Stored items:

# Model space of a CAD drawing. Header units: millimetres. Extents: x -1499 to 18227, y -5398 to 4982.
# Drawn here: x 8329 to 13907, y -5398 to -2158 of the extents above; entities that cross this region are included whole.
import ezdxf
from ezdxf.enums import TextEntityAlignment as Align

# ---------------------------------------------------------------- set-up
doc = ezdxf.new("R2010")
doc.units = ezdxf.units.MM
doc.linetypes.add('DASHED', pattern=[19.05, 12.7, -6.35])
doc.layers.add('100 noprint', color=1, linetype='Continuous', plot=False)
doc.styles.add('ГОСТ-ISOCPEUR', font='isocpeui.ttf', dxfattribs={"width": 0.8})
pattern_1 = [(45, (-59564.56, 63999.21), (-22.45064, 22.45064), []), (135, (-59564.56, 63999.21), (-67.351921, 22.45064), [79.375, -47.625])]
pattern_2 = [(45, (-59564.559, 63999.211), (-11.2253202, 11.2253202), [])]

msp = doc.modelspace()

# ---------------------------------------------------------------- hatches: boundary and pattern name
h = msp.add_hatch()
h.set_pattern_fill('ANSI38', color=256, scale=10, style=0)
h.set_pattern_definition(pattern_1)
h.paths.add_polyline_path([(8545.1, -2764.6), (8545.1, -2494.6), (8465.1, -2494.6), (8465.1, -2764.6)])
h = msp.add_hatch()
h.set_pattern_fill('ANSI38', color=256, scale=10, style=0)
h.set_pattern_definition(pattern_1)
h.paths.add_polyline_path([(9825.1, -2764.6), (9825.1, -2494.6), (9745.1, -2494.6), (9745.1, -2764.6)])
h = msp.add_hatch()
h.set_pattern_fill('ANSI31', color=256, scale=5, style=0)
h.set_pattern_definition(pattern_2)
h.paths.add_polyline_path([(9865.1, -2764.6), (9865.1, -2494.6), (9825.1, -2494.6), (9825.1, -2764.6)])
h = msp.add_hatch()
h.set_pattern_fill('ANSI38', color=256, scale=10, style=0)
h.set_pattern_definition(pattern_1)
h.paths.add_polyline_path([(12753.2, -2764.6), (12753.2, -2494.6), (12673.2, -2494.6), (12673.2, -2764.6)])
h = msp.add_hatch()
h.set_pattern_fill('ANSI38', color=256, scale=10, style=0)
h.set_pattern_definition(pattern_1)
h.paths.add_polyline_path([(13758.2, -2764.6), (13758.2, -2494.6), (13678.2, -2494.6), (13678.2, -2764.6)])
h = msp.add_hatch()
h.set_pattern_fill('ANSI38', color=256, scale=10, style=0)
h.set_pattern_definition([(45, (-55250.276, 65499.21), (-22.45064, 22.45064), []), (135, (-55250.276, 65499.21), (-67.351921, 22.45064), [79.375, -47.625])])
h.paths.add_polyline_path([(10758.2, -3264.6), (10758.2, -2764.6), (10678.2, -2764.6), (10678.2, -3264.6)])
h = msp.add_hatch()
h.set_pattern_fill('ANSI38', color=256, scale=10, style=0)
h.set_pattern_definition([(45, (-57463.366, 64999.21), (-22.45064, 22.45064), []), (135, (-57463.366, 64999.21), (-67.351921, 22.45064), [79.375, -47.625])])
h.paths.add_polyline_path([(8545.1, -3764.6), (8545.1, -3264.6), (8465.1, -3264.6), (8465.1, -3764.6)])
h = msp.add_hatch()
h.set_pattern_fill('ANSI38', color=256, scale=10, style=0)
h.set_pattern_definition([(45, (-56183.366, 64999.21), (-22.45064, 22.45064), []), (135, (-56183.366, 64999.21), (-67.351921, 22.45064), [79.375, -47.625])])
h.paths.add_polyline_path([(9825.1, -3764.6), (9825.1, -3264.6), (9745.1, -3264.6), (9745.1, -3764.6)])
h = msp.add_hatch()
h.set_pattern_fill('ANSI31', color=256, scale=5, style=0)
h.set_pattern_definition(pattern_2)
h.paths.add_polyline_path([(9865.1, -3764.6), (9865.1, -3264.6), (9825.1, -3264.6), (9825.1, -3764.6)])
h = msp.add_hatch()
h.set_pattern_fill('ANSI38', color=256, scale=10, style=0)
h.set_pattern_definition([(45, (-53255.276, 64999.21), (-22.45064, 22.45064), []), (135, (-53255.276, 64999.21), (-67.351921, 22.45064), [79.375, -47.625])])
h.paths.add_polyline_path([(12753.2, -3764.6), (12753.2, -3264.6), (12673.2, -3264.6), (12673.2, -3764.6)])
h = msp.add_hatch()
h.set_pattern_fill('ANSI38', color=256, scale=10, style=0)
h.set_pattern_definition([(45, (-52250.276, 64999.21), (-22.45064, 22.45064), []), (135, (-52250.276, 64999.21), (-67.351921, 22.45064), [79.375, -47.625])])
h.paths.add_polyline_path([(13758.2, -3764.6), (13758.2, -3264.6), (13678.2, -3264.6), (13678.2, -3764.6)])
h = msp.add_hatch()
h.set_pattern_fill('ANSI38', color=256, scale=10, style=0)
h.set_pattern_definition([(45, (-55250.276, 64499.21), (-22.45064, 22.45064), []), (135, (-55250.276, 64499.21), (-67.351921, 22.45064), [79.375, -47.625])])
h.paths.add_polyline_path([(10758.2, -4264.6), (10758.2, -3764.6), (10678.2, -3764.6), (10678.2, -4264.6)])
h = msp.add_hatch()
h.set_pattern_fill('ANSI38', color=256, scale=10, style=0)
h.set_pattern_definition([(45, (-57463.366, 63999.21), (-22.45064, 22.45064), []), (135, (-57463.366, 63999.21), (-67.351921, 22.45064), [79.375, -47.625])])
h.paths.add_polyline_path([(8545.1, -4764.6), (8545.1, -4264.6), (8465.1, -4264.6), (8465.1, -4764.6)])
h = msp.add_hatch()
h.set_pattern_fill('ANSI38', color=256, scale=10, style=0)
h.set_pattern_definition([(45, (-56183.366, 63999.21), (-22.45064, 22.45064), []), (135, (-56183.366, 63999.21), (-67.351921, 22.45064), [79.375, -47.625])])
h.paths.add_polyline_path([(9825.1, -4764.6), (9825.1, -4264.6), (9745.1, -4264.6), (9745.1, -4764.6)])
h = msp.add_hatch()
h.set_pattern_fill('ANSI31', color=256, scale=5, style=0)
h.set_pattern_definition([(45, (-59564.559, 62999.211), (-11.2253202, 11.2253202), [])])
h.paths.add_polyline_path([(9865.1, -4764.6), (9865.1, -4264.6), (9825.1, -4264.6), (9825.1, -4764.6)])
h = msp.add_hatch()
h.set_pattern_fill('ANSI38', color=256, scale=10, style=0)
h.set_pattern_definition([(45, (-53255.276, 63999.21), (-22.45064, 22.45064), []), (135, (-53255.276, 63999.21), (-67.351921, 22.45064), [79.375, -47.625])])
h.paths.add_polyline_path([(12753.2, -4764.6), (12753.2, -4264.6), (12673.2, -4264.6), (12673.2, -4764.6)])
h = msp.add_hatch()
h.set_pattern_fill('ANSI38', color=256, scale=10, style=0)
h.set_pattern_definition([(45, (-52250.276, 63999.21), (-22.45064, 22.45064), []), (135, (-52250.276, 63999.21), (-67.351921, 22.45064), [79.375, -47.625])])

Task:
Count the lines in the entries that hold the word "import", and give nothing but the total.

Solution:
2